** Assigned task **
Each line of the entries that mentions the string "Inventor" needs to be reported.

__________________________________________________

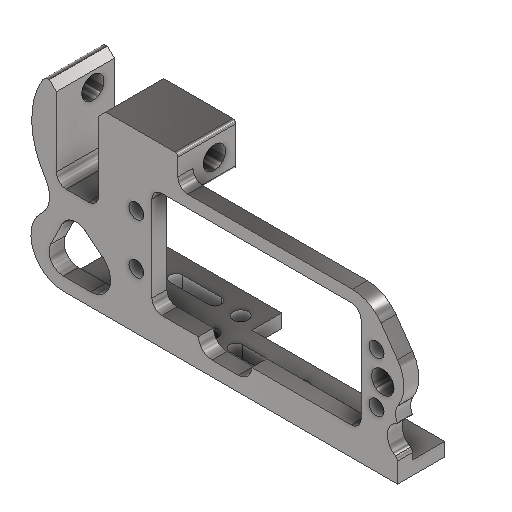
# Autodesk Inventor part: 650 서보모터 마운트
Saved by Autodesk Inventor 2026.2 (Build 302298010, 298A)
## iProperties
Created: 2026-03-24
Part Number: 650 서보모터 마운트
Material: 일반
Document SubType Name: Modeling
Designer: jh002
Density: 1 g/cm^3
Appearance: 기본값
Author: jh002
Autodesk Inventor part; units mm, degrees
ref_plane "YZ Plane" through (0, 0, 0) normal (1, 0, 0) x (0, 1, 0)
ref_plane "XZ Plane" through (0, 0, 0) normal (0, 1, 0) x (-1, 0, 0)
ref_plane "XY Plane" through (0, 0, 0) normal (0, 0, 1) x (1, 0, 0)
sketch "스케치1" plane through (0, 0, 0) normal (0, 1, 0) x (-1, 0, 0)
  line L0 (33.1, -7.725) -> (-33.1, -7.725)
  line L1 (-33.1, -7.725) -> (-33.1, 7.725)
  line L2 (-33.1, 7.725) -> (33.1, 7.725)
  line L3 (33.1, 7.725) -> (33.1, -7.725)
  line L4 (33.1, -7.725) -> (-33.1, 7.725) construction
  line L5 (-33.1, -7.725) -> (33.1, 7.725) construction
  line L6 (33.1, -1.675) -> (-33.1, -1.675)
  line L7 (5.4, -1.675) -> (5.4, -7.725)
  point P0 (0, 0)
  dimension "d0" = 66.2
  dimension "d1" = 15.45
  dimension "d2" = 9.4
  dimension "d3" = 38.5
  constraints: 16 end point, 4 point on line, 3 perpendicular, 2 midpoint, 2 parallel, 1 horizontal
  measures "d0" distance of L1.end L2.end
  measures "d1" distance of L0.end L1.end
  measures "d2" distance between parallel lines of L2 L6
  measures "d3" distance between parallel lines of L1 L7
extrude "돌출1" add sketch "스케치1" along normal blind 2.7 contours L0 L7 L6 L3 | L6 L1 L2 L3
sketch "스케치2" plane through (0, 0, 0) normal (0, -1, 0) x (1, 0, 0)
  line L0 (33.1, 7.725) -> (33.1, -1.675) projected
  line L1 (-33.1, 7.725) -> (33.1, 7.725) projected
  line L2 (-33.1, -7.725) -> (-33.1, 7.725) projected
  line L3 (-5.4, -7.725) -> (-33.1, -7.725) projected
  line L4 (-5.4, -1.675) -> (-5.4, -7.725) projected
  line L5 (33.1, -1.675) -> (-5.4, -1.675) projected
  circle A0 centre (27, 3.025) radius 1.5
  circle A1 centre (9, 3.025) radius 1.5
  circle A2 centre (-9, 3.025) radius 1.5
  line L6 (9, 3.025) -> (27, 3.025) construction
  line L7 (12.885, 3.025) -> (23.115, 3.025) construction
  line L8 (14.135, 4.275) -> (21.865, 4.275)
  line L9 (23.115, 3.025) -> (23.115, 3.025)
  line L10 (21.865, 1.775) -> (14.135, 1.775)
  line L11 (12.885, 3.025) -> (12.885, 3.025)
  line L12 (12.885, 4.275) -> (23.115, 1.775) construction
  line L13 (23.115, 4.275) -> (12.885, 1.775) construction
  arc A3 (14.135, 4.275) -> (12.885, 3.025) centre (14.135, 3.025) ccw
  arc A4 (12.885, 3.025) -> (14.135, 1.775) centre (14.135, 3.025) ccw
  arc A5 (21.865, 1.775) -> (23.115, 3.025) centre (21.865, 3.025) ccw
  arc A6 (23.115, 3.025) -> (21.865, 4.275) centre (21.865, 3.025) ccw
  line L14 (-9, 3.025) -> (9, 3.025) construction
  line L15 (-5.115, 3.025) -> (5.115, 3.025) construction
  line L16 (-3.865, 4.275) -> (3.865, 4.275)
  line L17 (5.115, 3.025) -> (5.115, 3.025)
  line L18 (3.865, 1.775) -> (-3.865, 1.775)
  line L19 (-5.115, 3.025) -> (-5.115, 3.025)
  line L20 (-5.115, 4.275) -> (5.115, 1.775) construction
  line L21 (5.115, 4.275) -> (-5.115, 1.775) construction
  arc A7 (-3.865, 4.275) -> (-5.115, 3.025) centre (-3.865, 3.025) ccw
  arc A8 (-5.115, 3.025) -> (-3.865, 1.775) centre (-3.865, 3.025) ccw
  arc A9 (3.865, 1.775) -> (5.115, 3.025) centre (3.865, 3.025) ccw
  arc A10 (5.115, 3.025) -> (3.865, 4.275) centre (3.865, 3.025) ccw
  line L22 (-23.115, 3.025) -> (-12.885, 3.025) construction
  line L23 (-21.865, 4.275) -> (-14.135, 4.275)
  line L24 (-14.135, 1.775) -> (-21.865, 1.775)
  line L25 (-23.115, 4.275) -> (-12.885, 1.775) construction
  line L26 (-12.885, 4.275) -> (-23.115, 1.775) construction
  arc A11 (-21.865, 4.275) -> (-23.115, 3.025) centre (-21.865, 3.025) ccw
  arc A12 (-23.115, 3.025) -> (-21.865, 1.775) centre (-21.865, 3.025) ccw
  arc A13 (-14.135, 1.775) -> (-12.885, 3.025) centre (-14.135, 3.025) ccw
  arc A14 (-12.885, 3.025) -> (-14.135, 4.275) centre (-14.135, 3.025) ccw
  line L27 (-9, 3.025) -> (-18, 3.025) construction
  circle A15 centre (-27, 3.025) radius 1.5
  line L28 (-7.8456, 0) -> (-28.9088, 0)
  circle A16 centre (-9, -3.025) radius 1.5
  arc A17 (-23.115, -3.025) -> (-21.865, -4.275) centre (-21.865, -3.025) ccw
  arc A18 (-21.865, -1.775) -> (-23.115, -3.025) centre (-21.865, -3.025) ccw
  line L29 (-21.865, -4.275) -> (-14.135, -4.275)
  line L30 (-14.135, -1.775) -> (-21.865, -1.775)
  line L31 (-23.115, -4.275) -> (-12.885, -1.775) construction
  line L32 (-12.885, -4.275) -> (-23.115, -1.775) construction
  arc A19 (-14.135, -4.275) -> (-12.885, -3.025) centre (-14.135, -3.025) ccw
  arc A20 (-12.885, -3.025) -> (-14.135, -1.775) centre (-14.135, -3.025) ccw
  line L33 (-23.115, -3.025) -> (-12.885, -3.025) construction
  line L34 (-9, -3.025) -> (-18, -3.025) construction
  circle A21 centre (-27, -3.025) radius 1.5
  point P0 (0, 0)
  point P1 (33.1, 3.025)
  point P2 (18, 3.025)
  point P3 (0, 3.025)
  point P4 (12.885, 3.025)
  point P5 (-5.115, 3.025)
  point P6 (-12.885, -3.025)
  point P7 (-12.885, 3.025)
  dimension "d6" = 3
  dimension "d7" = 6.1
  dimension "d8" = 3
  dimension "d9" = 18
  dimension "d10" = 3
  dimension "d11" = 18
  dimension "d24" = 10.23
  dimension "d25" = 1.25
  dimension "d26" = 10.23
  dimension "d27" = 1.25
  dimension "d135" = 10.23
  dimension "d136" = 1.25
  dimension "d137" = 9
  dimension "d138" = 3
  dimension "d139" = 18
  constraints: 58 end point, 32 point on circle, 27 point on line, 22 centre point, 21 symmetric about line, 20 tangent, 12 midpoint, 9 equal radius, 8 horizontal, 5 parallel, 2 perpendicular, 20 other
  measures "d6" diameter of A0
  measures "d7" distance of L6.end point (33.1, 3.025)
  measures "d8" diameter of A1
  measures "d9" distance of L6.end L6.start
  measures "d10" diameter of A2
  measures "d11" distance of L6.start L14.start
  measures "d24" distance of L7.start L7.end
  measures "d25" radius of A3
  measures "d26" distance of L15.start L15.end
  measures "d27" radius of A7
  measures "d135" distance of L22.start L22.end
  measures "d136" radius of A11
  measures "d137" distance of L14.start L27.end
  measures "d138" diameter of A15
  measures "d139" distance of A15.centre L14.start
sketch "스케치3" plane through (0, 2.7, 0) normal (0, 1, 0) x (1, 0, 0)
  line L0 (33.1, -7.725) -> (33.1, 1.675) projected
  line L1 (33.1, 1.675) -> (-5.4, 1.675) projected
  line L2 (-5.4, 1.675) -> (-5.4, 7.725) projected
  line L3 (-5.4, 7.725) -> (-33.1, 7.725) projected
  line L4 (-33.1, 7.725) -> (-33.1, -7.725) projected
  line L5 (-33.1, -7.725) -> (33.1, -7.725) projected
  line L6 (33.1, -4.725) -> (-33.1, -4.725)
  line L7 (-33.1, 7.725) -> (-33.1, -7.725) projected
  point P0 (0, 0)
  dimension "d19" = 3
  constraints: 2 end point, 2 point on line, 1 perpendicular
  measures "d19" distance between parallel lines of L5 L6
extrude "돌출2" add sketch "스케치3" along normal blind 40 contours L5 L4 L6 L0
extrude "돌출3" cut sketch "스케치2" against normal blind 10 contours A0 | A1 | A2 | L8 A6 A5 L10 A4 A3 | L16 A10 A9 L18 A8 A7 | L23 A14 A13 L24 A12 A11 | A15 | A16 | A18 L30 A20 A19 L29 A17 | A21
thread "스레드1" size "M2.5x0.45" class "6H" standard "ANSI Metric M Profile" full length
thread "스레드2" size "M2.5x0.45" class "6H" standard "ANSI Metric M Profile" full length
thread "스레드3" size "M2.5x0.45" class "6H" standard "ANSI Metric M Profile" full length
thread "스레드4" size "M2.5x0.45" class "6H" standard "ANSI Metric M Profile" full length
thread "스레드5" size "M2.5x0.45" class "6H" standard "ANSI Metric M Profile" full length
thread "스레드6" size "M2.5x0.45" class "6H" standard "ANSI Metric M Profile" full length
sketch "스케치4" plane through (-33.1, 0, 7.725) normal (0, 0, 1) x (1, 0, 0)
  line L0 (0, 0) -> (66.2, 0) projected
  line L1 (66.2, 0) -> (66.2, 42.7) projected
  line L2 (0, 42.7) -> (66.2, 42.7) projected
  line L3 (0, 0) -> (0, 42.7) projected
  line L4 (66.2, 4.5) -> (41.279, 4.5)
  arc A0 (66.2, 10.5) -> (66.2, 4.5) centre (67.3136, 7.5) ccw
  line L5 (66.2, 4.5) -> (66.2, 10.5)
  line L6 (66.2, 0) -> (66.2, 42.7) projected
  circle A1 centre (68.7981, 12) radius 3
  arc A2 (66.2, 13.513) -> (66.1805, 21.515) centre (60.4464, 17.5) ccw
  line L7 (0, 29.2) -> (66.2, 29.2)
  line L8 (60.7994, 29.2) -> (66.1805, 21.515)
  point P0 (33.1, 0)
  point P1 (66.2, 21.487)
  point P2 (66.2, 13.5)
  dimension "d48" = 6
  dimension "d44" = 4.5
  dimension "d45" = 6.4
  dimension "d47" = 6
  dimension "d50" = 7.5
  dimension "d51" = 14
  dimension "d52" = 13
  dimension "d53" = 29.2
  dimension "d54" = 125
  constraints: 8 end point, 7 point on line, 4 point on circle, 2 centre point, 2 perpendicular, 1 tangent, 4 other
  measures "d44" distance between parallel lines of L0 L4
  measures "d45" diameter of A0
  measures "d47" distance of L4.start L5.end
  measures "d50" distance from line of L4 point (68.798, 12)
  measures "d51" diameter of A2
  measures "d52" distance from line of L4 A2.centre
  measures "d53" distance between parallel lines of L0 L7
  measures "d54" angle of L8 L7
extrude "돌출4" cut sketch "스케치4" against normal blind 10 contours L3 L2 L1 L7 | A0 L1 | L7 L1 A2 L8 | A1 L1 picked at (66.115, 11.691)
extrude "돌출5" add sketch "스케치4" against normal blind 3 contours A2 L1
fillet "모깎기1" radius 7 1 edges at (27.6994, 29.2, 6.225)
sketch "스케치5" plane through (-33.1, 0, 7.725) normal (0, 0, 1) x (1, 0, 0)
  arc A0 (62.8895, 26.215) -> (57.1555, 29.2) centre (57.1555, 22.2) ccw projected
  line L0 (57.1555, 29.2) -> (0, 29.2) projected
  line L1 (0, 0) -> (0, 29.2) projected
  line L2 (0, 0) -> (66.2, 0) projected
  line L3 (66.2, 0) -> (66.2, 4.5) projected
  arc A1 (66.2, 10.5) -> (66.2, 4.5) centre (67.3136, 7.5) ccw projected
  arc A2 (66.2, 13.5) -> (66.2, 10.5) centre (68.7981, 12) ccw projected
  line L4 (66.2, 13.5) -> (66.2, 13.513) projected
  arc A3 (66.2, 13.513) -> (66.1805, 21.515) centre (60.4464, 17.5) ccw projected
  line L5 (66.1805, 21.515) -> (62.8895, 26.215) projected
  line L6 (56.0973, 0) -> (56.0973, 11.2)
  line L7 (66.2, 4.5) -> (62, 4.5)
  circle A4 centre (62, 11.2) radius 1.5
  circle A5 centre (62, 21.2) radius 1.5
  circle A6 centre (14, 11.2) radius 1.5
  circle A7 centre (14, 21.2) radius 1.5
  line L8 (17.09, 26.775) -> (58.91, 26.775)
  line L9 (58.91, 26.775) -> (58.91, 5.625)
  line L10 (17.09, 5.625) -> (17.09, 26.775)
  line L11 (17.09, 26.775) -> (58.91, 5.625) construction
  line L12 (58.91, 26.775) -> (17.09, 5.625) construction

__________________________________________________

** Solution for this exercise **
# Autodesk Inventor part: 650 서보모터 마운트
Saved by Autodesk Inventor 2026.2 (Build 302298010, 298A)
Autodesk Inventor part; units mm, degrees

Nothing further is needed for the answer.